**Exercise details:** Look below for lines that hold the string "decoded" and copy each one.

______________________________

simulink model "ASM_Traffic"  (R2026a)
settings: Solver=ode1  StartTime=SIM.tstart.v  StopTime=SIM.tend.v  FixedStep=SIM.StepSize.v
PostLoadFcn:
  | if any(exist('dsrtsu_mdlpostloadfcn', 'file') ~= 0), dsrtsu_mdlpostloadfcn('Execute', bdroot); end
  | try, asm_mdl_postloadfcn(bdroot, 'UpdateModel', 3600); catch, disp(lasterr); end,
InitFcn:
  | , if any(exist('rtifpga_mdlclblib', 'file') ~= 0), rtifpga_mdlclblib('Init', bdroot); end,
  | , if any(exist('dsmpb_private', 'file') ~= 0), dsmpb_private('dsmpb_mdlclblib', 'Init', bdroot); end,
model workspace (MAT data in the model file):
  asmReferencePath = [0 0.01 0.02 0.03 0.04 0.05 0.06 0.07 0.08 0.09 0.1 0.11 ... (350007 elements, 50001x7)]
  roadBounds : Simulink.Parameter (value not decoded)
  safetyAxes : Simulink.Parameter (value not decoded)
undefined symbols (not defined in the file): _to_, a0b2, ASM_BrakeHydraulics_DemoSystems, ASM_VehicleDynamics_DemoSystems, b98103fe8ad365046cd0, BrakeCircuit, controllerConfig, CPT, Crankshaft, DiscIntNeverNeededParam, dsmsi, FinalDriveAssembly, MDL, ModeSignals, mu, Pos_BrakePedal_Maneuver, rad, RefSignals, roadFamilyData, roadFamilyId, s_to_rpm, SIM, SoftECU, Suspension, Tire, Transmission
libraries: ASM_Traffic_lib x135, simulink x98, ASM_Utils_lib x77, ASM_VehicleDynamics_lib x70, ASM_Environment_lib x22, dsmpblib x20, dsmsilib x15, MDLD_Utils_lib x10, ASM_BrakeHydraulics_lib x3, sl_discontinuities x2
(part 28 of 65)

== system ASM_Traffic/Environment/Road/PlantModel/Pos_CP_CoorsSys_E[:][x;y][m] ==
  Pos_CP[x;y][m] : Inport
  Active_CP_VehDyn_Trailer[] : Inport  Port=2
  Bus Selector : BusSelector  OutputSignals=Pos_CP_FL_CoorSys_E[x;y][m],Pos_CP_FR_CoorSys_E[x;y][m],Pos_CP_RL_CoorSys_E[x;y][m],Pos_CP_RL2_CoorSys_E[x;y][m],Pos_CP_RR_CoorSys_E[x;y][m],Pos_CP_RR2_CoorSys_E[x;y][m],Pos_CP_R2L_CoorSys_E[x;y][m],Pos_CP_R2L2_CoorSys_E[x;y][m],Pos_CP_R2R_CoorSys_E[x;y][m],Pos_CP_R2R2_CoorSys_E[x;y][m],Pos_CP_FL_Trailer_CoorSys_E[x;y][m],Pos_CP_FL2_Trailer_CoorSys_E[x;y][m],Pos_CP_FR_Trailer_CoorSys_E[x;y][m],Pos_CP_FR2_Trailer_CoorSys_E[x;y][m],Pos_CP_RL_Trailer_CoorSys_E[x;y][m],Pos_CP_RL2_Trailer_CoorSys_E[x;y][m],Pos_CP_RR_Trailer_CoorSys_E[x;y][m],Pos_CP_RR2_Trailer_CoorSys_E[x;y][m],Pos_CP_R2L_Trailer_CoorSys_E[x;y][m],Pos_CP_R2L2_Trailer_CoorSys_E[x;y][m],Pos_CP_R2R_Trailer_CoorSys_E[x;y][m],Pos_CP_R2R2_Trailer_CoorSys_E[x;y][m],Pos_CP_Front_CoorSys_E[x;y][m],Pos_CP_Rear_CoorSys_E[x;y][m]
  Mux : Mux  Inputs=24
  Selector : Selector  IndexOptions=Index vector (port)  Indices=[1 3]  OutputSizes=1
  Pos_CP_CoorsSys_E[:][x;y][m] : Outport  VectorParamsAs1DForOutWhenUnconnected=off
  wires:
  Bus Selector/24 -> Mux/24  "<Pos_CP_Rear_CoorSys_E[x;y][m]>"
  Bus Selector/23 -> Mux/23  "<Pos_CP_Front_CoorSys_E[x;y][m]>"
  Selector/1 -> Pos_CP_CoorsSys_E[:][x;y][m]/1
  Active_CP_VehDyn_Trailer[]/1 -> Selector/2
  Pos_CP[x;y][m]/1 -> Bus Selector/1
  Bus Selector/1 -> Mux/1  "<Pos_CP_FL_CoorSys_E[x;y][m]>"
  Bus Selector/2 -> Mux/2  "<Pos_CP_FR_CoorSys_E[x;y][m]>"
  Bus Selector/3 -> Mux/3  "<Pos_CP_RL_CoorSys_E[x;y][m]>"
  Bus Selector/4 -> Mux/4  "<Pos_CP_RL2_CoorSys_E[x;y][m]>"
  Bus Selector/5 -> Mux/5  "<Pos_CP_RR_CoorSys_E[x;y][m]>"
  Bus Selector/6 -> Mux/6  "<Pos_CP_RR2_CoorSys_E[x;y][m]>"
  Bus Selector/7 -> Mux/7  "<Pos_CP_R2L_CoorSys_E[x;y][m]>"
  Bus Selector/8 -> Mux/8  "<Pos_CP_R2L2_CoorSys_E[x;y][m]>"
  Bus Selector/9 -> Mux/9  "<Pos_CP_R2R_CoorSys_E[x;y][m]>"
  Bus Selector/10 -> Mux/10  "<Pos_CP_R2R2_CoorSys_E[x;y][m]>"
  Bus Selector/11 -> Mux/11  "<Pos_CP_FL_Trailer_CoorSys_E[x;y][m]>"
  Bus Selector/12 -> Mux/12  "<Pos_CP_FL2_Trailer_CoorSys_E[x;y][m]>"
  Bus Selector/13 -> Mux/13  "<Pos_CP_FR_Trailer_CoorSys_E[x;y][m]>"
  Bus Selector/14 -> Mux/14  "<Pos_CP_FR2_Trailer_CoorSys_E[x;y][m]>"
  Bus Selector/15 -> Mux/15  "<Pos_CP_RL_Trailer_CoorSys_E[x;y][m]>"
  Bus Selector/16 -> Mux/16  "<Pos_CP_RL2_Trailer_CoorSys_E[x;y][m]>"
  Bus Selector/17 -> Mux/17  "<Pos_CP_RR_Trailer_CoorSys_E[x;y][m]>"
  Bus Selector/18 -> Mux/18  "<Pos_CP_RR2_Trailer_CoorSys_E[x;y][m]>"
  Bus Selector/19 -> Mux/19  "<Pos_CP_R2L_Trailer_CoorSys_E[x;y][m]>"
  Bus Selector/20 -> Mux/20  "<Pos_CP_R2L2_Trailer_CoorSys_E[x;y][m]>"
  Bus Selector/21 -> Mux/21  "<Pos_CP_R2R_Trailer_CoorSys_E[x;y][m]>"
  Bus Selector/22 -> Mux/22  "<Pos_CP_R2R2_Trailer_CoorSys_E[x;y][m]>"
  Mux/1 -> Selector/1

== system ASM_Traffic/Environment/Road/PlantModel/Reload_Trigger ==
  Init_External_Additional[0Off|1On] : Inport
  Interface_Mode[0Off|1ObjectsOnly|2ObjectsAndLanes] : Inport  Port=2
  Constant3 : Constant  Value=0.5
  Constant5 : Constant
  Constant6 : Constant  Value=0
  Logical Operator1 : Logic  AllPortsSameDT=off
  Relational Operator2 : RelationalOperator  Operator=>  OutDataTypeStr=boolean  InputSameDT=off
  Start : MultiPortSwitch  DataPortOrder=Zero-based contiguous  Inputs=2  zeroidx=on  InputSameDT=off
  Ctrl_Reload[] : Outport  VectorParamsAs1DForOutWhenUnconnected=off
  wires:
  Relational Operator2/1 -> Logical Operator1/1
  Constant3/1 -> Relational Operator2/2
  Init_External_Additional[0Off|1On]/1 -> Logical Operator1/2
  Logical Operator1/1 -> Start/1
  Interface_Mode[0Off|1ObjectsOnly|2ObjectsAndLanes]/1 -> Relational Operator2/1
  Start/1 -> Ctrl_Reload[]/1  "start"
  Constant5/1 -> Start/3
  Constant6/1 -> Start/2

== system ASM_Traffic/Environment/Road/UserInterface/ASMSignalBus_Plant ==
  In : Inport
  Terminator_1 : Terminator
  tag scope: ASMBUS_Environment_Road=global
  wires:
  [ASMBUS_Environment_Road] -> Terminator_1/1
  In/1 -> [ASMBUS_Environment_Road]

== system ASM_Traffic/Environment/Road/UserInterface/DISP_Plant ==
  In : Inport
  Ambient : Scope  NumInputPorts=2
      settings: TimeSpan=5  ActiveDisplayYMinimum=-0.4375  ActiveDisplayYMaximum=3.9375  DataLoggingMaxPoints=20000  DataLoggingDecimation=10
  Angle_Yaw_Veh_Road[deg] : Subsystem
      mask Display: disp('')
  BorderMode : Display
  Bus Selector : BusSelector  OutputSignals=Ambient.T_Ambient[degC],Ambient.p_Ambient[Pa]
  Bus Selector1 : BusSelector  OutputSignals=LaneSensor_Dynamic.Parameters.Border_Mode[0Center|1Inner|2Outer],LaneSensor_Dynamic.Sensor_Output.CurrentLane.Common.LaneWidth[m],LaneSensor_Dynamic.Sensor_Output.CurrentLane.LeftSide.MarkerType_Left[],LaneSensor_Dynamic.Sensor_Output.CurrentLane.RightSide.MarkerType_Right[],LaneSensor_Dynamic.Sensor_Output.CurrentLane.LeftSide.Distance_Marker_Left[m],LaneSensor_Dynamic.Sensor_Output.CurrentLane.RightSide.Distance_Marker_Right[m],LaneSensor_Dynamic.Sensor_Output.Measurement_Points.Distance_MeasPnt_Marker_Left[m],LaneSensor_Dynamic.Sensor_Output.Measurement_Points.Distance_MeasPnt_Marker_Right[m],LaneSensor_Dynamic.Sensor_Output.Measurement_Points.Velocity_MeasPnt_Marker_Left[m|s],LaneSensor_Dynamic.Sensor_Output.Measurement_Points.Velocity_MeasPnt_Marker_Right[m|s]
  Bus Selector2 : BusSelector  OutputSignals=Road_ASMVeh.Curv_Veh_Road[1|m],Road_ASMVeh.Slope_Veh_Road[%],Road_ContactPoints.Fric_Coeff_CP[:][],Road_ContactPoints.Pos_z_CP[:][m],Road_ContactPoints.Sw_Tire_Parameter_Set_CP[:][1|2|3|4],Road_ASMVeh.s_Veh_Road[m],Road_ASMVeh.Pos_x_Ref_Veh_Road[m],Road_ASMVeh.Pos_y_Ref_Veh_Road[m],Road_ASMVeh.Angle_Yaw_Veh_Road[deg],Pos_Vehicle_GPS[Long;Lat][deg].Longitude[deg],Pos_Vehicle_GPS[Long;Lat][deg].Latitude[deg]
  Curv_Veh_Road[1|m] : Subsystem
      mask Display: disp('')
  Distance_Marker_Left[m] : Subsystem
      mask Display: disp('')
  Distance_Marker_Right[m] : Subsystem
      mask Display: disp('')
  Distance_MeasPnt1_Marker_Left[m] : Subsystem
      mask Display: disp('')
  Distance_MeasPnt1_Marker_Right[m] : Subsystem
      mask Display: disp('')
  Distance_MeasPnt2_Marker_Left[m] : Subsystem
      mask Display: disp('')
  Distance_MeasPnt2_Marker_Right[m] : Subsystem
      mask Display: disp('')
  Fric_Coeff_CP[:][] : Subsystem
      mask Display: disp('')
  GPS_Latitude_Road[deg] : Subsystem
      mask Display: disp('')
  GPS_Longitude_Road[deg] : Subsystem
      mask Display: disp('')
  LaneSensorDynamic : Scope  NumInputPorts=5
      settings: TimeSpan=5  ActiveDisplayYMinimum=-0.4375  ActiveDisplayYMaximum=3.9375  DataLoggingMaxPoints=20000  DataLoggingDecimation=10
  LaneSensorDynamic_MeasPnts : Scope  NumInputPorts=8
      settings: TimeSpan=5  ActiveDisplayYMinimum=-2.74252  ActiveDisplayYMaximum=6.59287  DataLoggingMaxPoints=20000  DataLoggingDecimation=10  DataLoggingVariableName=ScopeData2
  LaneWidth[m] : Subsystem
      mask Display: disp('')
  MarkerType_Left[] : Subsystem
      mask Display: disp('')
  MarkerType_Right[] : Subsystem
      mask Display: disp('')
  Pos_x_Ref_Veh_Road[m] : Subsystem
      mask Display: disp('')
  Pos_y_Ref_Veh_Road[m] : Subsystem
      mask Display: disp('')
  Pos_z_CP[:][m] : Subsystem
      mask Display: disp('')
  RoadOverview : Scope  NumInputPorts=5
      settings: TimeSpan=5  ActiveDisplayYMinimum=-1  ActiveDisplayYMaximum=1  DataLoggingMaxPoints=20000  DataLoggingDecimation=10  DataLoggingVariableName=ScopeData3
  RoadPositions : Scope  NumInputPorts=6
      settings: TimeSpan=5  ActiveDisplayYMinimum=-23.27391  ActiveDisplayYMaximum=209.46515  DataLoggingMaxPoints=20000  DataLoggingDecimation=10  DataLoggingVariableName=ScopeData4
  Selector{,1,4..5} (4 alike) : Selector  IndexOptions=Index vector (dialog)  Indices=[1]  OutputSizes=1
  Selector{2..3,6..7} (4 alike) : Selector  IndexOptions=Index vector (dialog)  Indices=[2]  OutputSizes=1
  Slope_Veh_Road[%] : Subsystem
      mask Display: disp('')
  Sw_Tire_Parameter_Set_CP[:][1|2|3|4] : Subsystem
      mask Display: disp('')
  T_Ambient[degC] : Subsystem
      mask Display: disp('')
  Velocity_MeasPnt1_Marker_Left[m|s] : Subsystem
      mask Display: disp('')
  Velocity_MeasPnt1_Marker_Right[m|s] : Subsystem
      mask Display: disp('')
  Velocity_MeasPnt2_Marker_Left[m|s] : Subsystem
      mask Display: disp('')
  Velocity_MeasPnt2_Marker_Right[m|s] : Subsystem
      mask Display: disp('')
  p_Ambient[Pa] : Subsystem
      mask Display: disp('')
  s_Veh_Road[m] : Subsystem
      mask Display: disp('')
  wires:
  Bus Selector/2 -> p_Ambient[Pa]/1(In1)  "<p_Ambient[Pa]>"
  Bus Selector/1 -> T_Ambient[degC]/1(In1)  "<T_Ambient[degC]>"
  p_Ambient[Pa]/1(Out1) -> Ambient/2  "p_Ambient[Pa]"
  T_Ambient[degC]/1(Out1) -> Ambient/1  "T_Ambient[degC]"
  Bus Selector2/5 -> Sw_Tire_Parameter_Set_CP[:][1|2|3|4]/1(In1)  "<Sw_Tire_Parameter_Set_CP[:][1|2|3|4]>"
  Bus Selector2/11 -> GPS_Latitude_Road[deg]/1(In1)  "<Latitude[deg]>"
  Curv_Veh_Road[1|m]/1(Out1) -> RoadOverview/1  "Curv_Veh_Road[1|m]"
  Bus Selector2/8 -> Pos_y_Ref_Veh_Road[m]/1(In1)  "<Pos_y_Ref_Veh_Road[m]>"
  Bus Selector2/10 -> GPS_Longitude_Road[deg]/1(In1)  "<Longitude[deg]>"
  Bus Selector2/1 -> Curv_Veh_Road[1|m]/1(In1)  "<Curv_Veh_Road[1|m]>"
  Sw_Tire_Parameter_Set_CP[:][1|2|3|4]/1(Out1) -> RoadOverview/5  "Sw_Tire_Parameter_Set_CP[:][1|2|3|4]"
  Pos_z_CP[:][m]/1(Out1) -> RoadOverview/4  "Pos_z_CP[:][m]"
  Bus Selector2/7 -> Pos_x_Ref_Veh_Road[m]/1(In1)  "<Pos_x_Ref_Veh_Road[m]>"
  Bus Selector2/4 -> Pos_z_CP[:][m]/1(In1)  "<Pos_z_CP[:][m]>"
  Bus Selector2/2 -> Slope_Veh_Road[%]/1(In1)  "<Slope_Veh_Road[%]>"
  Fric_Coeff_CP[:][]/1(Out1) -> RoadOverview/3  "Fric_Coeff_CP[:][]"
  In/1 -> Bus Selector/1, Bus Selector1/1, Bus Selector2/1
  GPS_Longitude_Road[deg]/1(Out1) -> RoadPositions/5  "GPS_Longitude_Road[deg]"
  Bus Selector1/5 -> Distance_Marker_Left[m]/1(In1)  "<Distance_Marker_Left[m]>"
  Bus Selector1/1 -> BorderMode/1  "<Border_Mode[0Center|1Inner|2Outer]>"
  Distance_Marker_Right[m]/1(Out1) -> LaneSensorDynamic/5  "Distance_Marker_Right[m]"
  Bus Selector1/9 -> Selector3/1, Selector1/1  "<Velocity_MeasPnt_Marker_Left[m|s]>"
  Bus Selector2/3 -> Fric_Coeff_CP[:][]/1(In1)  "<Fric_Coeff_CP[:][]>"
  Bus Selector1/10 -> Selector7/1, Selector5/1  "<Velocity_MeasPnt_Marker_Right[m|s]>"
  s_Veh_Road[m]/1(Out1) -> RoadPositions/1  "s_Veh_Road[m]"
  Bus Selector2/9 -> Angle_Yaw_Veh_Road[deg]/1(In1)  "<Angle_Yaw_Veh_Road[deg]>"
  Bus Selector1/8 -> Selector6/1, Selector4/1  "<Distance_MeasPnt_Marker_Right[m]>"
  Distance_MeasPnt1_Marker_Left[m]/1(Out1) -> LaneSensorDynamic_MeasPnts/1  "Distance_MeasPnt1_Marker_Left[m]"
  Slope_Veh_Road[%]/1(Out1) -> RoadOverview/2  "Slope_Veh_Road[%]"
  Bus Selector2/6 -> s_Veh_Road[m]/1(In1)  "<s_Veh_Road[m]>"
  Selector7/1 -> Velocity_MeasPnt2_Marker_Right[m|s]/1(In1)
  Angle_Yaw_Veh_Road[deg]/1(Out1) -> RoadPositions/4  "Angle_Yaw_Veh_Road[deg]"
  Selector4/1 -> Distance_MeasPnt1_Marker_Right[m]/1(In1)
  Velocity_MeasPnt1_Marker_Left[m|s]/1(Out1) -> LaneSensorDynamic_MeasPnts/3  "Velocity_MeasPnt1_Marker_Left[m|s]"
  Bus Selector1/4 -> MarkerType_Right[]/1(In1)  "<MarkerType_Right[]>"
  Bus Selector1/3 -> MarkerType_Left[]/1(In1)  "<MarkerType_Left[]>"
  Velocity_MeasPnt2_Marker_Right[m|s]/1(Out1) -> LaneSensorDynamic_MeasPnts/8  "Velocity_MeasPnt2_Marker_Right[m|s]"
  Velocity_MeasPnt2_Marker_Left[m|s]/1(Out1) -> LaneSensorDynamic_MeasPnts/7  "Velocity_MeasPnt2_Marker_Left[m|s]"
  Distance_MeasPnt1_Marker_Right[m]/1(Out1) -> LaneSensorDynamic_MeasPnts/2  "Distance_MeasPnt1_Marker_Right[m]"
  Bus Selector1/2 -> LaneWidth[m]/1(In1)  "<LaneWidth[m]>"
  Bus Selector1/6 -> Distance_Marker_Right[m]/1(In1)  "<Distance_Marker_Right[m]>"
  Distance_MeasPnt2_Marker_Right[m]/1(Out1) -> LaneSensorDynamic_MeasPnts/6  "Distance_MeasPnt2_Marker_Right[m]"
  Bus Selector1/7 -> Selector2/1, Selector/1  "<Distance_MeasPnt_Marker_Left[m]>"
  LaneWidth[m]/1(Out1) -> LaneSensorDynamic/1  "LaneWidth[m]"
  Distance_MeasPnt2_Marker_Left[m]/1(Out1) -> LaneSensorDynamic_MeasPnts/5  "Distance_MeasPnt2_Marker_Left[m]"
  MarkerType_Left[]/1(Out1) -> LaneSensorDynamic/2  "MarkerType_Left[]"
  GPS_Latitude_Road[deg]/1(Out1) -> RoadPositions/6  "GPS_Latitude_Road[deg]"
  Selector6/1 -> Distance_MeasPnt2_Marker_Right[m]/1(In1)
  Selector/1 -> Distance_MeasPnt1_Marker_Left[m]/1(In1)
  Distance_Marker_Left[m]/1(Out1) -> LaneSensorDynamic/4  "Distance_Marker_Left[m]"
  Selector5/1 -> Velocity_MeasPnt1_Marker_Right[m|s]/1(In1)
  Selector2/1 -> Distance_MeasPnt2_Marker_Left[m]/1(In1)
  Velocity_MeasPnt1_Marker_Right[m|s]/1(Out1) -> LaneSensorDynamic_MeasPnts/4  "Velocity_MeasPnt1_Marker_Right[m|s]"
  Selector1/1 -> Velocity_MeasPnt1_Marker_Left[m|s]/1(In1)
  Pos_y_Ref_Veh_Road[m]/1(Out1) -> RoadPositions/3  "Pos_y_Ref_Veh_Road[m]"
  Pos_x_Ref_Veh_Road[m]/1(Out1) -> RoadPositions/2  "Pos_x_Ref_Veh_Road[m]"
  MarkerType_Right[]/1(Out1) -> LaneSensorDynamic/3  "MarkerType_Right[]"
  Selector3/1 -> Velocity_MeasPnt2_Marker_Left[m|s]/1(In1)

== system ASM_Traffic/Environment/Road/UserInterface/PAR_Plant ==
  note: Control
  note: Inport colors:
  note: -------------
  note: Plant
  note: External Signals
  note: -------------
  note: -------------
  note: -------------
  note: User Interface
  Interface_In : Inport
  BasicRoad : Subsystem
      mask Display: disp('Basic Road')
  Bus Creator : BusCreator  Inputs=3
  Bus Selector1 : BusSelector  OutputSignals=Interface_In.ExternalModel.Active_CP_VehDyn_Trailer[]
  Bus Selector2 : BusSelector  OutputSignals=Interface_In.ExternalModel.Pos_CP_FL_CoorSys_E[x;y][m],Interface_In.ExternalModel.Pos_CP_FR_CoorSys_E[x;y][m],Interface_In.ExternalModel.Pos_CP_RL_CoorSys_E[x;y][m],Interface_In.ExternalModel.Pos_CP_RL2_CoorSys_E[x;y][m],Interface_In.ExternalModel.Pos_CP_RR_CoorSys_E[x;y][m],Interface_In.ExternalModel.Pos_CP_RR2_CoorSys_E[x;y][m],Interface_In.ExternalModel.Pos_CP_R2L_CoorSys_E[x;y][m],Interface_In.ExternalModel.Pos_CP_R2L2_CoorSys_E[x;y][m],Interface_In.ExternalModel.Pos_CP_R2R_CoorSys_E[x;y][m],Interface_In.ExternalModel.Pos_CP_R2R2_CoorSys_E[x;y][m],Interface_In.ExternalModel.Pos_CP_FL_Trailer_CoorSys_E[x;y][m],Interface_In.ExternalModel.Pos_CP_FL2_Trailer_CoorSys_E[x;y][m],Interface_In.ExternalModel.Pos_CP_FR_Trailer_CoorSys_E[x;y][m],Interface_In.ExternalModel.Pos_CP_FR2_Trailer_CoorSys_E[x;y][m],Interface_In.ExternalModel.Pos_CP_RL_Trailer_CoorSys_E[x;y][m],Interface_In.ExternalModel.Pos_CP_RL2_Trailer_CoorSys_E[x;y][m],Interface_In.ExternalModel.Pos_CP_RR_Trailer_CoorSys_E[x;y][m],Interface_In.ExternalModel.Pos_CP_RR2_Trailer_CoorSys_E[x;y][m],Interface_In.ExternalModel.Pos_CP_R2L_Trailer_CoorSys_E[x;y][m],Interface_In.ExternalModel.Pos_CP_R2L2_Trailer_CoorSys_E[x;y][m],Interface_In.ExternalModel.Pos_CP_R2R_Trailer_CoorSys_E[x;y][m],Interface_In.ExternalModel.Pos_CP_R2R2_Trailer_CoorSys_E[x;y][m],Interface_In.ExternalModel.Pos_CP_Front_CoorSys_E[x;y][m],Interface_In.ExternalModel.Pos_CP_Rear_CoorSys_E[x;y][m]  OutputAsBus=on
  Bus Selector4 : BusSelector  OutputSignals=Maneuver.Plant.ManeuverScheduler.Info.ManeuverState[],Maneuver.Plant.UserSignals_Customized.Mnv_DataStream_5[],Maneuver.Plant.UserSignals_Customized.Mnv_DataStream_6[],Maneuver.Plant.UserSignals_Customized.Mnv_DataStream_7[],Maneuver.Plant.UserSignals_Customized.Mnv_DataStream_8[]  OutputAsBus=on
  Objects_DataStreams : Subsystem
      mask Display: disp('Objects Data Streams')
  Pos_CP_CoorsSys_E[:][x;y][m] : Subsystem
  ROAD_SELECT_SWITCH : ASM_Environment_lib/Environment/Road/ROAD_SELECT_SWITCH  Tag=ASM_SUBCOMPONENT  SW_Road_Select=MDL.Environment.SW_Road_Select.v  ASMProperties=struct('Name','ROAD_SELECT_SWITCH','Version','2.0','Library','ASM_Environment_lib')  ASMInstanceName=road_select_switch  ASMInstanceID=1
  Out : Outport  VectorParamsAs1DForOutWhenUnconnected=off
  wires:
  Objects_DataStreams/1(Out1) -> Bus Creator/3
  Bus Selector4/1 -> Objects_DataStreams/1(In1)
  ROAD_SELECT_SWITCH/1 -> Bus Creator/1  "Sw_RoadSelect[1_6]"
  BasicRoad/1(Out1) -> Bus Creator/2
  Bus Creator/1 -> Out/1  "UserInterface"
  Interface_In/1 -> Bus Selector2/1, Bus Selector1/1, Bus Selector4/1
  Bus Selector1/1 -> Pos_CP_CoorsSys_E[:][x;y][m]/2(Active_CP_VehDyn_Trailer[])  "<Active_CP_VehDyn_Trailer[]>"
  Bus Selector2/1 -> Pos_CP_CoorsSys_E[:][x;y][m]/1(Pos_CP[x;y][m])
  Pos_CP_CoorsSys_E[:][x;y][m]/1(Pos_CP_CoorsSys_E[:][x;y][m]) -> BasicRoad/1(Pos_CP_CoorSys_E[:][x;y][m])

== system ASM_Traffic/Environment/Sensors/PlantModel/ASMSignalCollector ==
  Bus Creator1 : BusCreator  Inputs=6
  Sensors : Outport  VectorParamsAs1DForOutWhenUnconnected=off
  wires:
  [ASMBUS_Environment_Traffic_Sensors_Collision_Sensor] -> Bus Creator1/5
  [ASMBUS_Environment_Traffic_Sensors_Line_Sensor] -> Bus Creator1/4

______________________________

**Response to the task:**
  roadBounds : Simulink.Parameter (value not decoded)
  safetyAxes : Simulink.Parameter (value not decoded)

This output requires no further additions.